Репрессии, видимо, за преклонностью его лет, обошли стороной самого Николая Александровича, но не его семью. В 1927 г. был арестован и расстрелян по ложному обвинению ГПУ сын Иван. Зять – Владимир Львович Барановский (за ним была замужем дочь Нина, в первом браке Лист), брат жены А.Ф. Керенского Ольги Львовны, бывший полковник царской армии и генерал-майор, начальник кабинета военного министра Временного правительства, был репрессирован в начале 1930-х гг. В 1933 г. заболела тифом и умерла в Сокольнической больнице тяжело переживавшая гибель сына Ольга Флорентьевна, причем, как вспоминал А.Н. Варенцов, смерть избавила ее от ареста, вместо нее был арестован Николай Александрович, но вскоре выпущен, поскольку сумел доказать, что у него ничего уже не осталось[4].
Марк, до революции окончивший юридический факультет Московского университета, по возвращении из Одессы работал юрисконсультом, а свободное время проводил за шахматами (он имел первый разряд; в свое время был известным футболистом, в 1911 г. выступал за сборную Москвы). Как выходцы из буржуазных семей, младшие братья Андрей и Константин постоянно испытывали на себе последствия своего социального происхождения: блестяще учившийся Константин не смог получить диплом промышленно-экономического техникума, созданного на базе Александровского коммерческого училища, ему пришлось поступить в заочный строительный техникум; позже братья работали в малозаметных технических конторах. В 1941 г. они были призваны в действующую армию, Константин погиб в ополчении под Москвой.

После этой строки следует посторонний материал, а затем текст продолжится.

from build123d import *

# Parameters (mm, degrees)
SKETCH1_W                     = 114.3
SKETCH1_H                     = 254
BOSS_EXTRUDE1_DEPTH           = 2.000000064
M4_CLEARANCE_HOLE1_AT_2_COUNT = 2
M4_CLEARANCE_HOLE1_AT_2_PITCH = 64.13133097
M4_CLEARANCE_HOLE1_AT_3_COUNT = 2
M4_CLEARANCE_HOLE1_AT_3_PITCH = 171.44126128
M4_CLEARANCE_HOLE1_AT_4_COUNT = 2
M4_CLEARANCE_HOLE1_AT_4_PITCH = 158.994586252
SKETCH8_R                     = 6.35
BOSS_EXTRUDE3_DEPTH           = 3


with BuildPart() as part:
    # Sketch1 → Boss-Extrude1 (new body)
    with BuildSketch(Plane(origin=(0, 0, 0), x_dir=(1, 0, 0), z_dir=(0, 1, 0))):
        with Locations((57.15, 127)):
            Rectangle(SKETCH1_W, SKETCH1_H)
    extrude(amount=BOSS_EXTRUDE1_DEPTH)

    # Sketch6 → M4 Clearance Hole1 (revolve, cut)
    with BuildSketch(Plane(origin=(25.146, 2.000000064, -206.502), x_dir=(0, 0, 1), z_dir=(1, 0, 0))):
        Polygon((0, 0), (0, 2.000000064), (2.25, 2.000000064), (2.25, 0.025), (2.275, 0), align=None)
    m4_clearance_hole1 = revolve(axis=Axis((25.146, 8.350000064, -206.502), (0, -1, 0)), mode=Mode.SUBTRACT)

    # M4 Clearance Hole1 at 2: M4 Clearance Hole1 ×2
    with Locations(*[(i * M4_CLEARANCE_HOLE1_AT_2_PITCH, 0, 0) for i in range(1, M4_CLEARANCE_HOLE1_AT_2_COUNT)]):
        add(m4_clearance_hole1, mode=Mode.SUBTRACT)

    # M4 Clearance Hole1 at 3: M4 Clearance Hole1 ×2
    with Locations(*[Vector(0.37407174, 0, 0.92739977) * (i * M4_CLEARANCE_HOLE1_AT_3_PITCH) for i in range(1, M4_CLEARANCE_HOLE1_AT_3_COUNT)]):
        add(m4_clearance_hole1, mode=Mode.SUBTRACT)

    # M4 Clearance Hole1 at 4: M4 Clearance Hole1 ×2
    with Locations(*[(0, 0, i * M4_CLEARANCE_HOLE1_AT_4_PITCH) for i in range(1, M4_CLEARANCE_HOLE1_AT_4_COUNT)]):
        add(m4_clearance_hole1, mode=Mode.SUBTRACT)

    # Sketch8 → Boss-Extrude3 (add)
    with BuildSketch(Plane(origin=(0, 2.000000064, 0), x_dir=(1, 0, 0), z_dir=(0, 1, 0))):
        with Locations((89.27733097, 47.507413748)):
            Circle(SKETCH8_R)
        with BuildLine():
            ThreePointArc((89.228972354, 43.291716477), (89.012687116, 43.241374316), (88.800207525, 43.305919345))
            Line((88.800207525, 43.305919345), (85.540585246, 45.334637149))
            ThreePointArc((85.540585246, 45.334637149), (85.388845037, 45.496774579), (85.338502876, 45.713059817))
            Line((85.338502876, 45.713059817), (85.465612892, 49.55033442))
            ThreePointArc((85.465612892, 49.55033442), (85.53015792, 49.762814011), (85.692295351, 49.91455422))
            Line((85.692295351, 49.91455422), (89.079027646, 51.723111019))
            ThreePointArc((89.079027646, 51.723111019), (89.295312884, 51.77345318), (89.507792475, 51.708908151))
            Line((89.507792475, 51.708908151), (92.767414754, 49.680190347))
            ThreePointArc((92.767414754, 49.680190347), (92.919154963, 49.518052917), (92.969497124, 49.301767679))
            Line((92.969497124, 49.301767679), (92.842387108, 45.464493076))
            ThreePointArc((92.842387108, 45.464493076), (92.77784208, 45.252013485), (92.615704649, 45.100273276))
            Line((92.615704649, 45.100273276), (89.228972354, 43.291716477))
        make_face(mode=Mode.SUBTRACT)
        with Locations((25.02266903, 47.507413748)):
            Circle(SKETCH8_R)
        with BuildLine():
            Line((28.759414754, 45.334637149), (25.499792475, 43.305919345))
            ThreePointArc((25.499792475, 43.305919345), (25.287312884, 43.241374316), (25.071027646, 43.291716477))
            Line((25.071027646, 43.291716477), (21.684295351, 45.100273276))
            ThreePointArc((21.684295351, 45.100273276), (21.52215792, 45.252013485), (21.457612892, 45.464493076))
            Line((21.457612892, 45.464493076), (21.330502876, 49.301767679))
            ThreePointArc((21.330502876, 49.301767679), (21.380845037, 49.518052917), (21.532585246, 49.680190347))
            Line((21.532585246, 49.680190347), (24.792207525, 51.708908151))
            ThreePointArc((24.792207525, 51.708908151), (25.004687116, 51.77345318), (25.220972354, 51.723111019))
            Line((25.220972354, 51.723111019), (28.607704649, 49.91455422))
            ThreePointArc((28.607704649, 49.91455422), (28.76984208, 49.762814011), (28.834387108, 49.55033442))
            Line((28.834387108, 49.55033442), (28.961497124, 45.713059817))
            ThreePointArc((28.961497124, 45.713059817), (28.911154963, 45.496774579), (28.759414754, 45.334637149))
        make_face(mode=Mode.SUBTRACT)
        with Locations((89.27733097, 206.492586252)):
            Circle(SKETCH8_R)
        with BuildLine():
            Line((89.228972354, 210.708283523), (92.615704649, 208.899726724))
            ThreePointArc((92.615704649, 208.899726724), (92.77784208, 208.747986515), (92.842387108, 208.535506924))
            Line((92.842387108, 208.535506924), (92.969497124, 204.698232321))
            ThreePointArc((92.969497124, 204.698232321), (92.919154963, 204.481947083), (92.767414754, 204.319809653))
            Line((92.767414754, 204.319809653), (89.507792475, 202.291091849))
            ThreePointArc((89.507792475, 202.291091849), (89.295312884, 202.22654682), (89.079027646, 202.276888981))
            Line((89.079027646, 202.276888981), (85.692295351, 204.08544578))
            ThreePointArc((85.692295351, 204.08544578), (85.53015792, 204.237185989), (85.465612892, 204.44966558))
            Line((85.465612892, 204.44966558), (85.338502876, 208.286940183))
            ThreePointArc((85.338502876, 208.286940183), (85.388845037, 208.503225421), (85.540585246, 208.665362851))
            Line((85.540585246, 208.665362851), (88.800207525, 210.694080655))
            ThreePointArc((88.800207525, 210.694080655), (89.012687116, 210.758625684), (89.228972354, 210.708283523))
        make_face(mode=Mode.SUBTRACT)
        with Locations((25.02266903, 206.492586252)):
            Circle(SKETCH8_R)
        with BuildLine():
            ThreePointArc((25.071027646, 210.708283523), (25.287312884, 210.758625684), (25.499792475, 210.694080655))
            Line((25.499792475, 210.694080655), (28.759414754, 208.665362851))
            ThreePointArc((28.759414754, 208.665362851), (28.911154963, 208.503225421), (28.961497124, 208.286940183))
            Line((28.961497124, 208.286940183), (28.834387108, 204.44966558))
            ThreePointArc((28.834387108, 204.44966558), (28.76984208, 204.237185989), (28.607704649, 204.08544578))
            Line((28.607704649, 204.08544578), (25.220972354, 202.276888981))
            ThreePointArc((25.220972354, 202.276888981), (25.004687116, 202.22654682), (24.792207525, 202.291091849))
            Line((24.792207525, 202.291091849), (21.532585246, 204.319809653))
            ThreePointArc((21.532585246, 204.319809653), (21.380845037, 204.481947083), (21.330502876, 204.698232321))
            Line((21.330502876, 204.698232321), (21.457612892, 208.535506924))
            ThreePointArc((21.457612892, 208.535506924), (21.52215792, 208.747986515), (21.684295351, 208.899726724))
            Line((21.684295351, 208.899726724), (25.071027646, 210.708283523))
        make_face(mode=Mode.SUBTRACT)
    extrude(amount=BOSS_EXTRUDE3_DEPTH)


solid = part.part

А.Н. Варенцов записал в своих воспоминаниях: «В зимы войны я, служа в гражданской обороне Москвы и работая преподавателем на офицерских курсах, иногда отпрашивался к отцу наколоть ему дров для маленькой печурки, установленной в его комнате. Дома тогда не топили, и электричества не было. Папа сидел, с головой накрывшись пальто, при маленькой коптилочке. Но он был молодец и, несмотря на возраст и голод, сам днем ходил и покупал, что мог достать. <…> Папа пережил войну в своей комнате. Во время бомбежек ни в какие убежища не ходил, а подходил к окну и смотрел, как рвались зенитные снаряды, летели трассирующие пули, и слушал специфический гул немецких бомбардировщиков».
По свидетельству членов семьи одного из друзей Н.А. Варенцова – профессора Н.Е. Пестова, живших неподалеку и поддерживавших одинокого старика, Николай Александрович в годы войны сильно бедствовал и болел. Он умер в возрасте 84 лет 22 января 1947 года. Один из его знакомых, писатель А.А. Солодовников, так сказал о Н.А. Варенцове: «После 1917 года он лишился всего и стал нищим в полном смысле этого слова. Пройдя через такие духовные перегрузки, он не утратил ясности души, все воспринимал с благодарением и умер, повторяя “Слава Богу!”»[5]. Ныне простой православный крест осеняет его последнее пристанище на Немецком (Введенском) кладбище, у Большой боковой аллеи.
Работу над воспоминаниями «Слышанное. Виденное. Передуманное. Пережитое»[6] Н.А. Варенцов начал в 1930-е гг. Их основу составили отдельные дневниковые записи, деловые заметки, письма, документы, часть которых, по свидетельству автора, погибла в 1918 г. Первоначальный, черновой вариант, написанный на отдельных листах бумаги, был перебелен и переписан в восемь общих тетрадей, причем текст вновь подвергся небольшой авторской правке стилистического характера, внесенной по большей части карандашом, изредка чернилами[7]. В начале каждой тетради автором было сделано краткое рабочее оглавление. Одна из глав (67-я) имеет точную дату написания –13 мая 1933 г. В тексте упоминаются также события 1932 г. (гл. 53) и 1936 г. (гл. 36). О том, что работа над мемуарами была закончена во второй половине 1930-х гг., свидетельствует и внучка Николая Александровича – И.А. Глинская, читавшая их в те годы. Имеются сведения, что отрывки из воспоминаний читались близким автору людям: Ф.Н. Малинину, Н.Е. Пестову, А.А. Солодовникову.